1.3 Digitale Zusammenarbeit
Die Kanzlei nutzt DATEV-Softwarelösungen zur Bearbeitung steuerlicher Mandate. Der Mandant erklärt sich mit der Verarbeitung seiner Daten über DATEV-Systeme einverstanden, soweit dies für die Durchführung des Auftrags erforderlich ist. Näheres regelt die Datenschutzerklärung der Kanzlei.
§ 2 Mitwirkungspflichten des Mandanten
2.1 Vollständige Information
Der Mandant ist verpflichtet, der Kanzlei alle für die Durchführung des Auftrags relevanten Informationen, Unterlagen und Belege vollständig, wahrheitsgemäß und rechtzeitig zur Verfügung zu stellen. Dazu gehören insbesondere:
- Sämtliche steuerrelevanten Belege und Buchungsunterlagen
- Verträge, Urkunden und andere für das Mandat bedeutsame Dokumente
- Mitteilungen der Finanzbehörden (Bescheide, Anfragen, Prüfungsankündigungen)
- Informationen über wesentliche Änderungen der wirtschaftlichen oder persönlichen Verhältnisse
- Alle für die Jahresabschlusserstellung notwendigen Buchführungsunterlagen
2.2 Fristen und Terminverpflichtungen
Der Mandant hat die Kanzlei so rechtzeitig mit der Durchführung eines Auftrags zu beauftragen, dass Fristen eingehalten werden können. Die Kanzlei haftet nicht für Fristversäumnisse, die durch verspätete Mandatserteilung oder unvollständige Unterlagenübergabe des Mandanten verursacht werden.

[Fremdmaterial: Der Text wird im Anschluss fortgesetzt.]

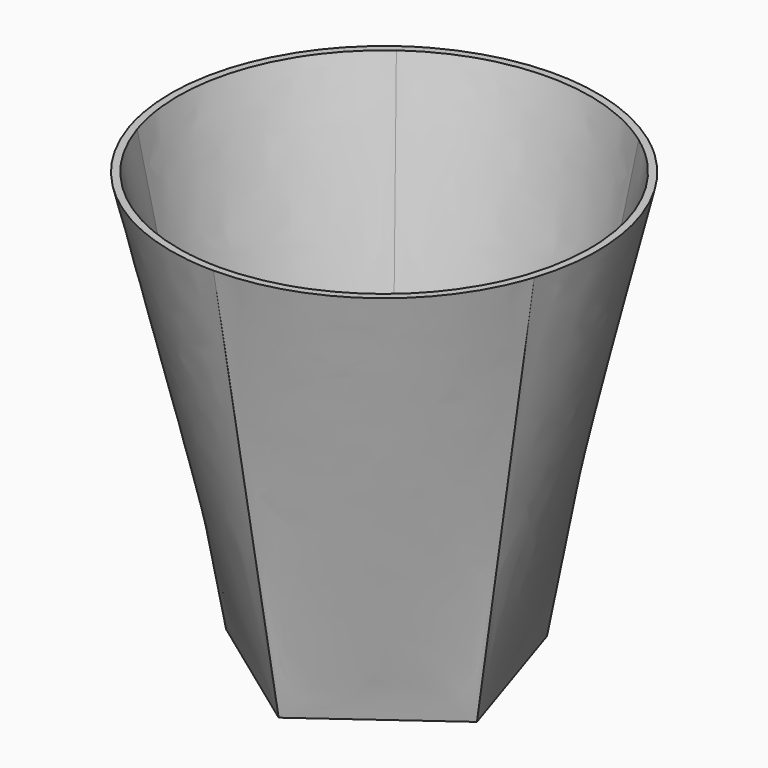
from build123d import *

# Parameters (mm, degrees)
F4_T = 1.27


# Not quite as in the source:
# - the arcs of a loft's sections are written as splines that run evenly, so that the points pair up as in the source's solid
# - a shell that OpenCascade refuses in one call is made with other operations: the cavity is built on its own and cut out


with BuildPart() as f3:
    # F2 (on offset) → F3 section 0
    with BuildSketch(Plane.XY.offset(76.2)):
        with BuildLine():
            add(Edge.make_bspline(
                [(22.3946181123, 30.8235474857), (19.1667837677, 33.1687064104), (15.5680943349, 35.0023302613), (7.9790006365, 37.4681762804), (3.9898226701, 38.1), (-3.9898226701, 38.1), (-7.9790006365, 37.4681762804), (-15.5680943349, 35.0023302613), (-19.1667837677, 33.1687064104), (-22.3946181123, 30.8235474857)],
                knots=[0, 0, 0, 0, 0.25, 0.25, 0.5, 0.5, 0.75, 0.75, 1, 1, 1, 1], degree=3))
            add(Edge.make_bspline(
                [(-22.3946181123, 30.8235474857), (-25.622452457, 28.478388561), (-28.478388561, 25.622452457), (-33.1687064104, 19.1667837677), (-35.0023302613, 15.5680943349), (-37.4681762804, 7.9790006365), (-38.1, 3.9898226701), (-38.1, -3.9898226701), (-37.4681762804, -7.9790006365), (-36.2352532708, -11.7735474857)],
                knots=[0, 0, 0, 0, 0.25, 0.25, 0.5, 0.5, 0.75, 0.75, 1, 1, 1, 1], degree=3))
            add(Edge.make_bspline(
                [(-36.2352532708, -11.7735474857), (-35.0023302613, -15.5680943349), (-33.1687064104, -19.1667837677), (-28.478388561, -25.622452457), (-25.622452457, -28.478388561), (-19.1667837677, -33.1687064104), (-15.5680943349, -35.0023302613), (-7.9790006365, -37.4681762804), (-3.9898226701, -38.1), (0, -38.1)],
                knots=[0, 0, 0, 0, 0.25, 0.25, 0.5, 0.5, 0.75, 0.75, 1, 1, 1, 1], degree=3))
            add(Edge.make_bspline(
                [(0, -38.1), (3.9898226701, -38.1), (7.9790006365, -37.4681762804), (15.5680943349, -35.0023302613), (19.1667837677, -33.1687064104), (25.622452457, -28.478388561), (28.478388561, -25.622452457), (33.1687064104, -19.1667837677), (35.0023302613, -15.5680943349), (36.2352532708, -11.7735474857)],
                knots=[0, 0, 0, 0, 0.25, 0.25, 0.5, 0.5, 0.75, 0.75, 1, 1, 1, 1], degree=3))
            add(Edge.make_bspline(
                [(36.2352532708, -11.7735474857), (37.4681762804, -7.9790006365), (38.1, -3.9898226701), (38.1, 3.9898226701), (37.4681762804, 7.9790006365), (35.0023302613, 15.5680943349), (33.1687064104, 19.1667837677), (28.478388561, 25.622452457), (25.622452457, 28.478388561), (22.3946181123, 30.8235474857)],
                knots=[0, 0, 0, 0, 0.25, 0.25, 0.5, 0.5, 0.75, 0.75, 1, 1, 1, 1], degree=3))
        make_face()
    # F0 (on Top) → F3 section 1
    with BuildSketch(Plane.XY):
        Polygon((13.8406351585, 19.05), (-13.8406351585, 19.05), (-22.3946181123, -7.2764525143), (0, -23.5470949714), (22.3946181123, -7.2764525143), align=None)
    loft(ruled=True)

    # F4: shell of thickness 1.27, made by hand


with BuildPart() as f4_core1:
    # F4_t2: copy of F3
    add(f3.part)

    # the walls: a layer under each face that stays
    f4_faces = [f4_core1.faces().sort_by_distance(p)[0] for p in [
        (0, 28.575, 38.1),
        (-27.1764399531, 8.8301606143, 38.1),
        (-16.7959635843, -23.1176606143, 38.1),
        (16.7959635843, -23.1176606143, 38.1),
        (27.1764399531, 8.8301606143, 38.1),
        (-1.3216630512, 1.8191131286, 0),
    ]]
    thicken(f4_faces, amount=-F4_T, mode=Mode.SUBTRACT)


with BuildPart() as f3_1:
    add(f3.part)

    # what is left inside the walls is the cavity
    f4_cavity = [f4_core1.part.solids().sort_by_distance(p)[0] for p in [
        (10.168811, -6.868871, 76.1873),
    ]]
    add(f4_cavity, mode=Mode.SUBTRACT)


solid = f3_1.part
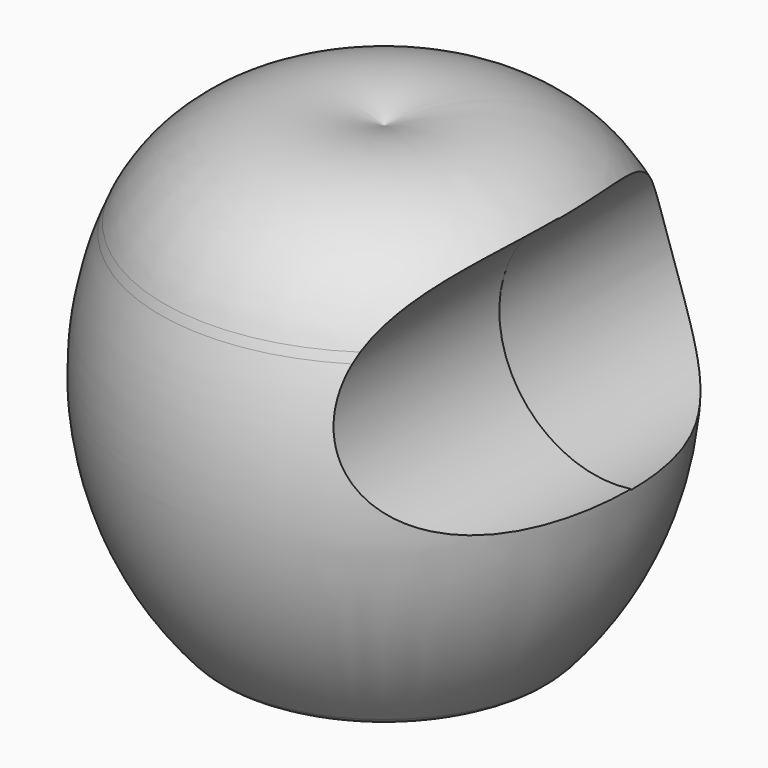
from build123d import *

# Parameters (mm, degrees)
F2_R     = 10.16
F3_DEPTH = 21.8131542984
F4_R     = 2.54
F5_R     = 10.16
F6_DEPTH = 21.8131542984


# Not quite as in the source:
# - a feature names something its author has since deleted; it is built from what else it names


with BuildPart() as f1:
    # F0 (on Front) → F1 (revolve)
    with BuildSketch(Plane.XZ):
        with BuildLine():
            ThreePointArc((-12.2520654017, -18.0816771193), (-6.7605609497, -13.8304712842), (0, -15.4192405701))
            Line((0, -15.4192405701), (0, 22.6807594299))
            ThreePointArc((0, 22.6807594299), (-11.239053287, 22.9003327562), (-19.3984057777, 15.1679658374))
            ThreePointArc((-19.3984057777, 15.1679658374), (-19.5624851514, 14.7821444157), (-19.7210129028, 14.394008921))
            ThreePointArc((-19.7210129028, 14.394008921), (-21.0686031127, -3.0126367804), (-12.2520654017, -18.0816771193))
        make_face()
    revolve(axis=Axis((0, 0, 3.6307594299), (0, 0, -1)))

    # F2 (on Front) → F3 (cut, through all)
    with BuildSketch(Plane.XZ):
        with Locations((20.2043764293, 11.5205561742)):
            Circle(F2_R)
    extrude(amount=-F3_DEPTH, mode=Mode.SUBTRACT)

    # F4
    f4_edges = [f1.edges().sort_by_distance(p)[0] for p in [
        (12.252065, 0, -18.081677),
    ]]
    fillet(f4_edges, radius=F4_R)

    # F5 (on Front) → F6 (cut, through all)
    with BuildSketch(Plane.XZ):
        with Locations((20.2997829765, 11.6159608588)):
            Circle(F5_R)
    extrude(amount=F6_DEPTH, mode=Mode.SUBTRACT)


solid = f1.part

Der Mandant ist verpflichtet, vereinbarte Abgabetermine für Unterlagen einzuhalten. Werden Unterlagen nicht fristgerecht übergeben, kann dies zu Fristverlängerungsgebühren oder Verspätungszuschlägen führen, die der Mandant zu tragen hat.
2.3 Überprüfung der Ergebnisse
Der Mandant ist verpflichtet, die von der Kanzlei erstellten Steuererklärungen, Jahresabschlüsse und sonstigen Arbeitsergebnisse vor Unterzeichnung oder Einreichung sorgfältig zu prüfen und auf Vollständigkeit und Richtigkeit hin zu kontrollieren. Etwaige Beanstandungen sind unverzüglich, spätestens jedoch innerhalb von 14 Tagen nach Zugang der Unterlagen, schriftlich mitzuteilen.
2.4 Änderungsmitteilungen
Der Mandant ist verpflichtet, der Kanzlei Änderungen seiner Adresse, Bankverbindung, Unternehmensstruktur oder sonstiger für das Mandat wesentlicher Verhältnisse unverzüglich mitzuteilen.
§ 3 Verschwiegenheitspflicht
3.1 Umfang der Verschwiegenheitspflicht
Die Kanzlei und alle ihre Mitarbeiter sind nach § 57 Abs. 1 StBerG verpflichtet, über alle Tatsachen, die ihnen bei der Berufsausübung bekannt geworden sind, Verschwiegenheit zu bewahren. Diese Pflicht gilt gegenüber jedermann, auch nach Beendigung des Mandatsverhältnisses, und erstreckt sich auf alle Informationen, die der Mandant der Kanzlei im Rahmen des Beratungsmandats anvertraut hat.
3.2 Entbindung von der Schweigepflicht
Von der Verschwiegenheitspflicht entbunden ist die Kanzlei, wenn und soweit:
- der Mandant die Kanzlei ausdrücklich schriftlich von der Schweigepflicht entbunden hat,
- eine gesetzliche Auskunftspflicht besteht (z.B. gegenüber Finanzbehörden, Gerichten oder im Rahmen gesetzlicher Meldepflichten),
- die Offenbarung zur Wahrung berechtigter Interessen der Kanzlei erforderlich ist (z.B. zur Geltendmachung von Honoraransprüchen im Rechtsstreit).
3.3 Vertrauliche Behandlung durch den Mandanten
Der Mandant verpflichtet sich, die ihm im Rahmen des Mandatsverhältnisses bekanntgewordenen vertraulichen Informationen der Kanzlei (insbesondere Arbeitsmethoden, Kalkulationsgrundlagen) vertraulich zu behandeln.
§ 4 Haftungsbeschränkung
4.1 Haftungsmaßstab
Die Kanzlei haftet für Schäden, die durch fehlerhafte Beratung oder fehlerhafte Ausführung eines Auftrags entstehen, nur bei Vorsatz und grober Fahrlässigkeit. Bei leichter Fahrlässigkeit haftet die Kanzlei nur dann, wenn eine wesentliche Vertragspflicht verletzt wird.
4.2 Haftungshöchstbetrag
Bei Schadensfällen, die auf leichter Fahrlässigkeit beruhen, ist die Haftung der Kanzlei auf den dreifachen Jahresgrundbetrag der Mindestversicherungssumme der gesetzlich vorgeschriebenen Berufshaftpflichtversicherung begrenzt (§ 67 Abs. 2 StBerG). Die Kanzlei unterhält eine Berufshaftpflichtversicherung in der gesetzlich vorgeschriebenen Höhe.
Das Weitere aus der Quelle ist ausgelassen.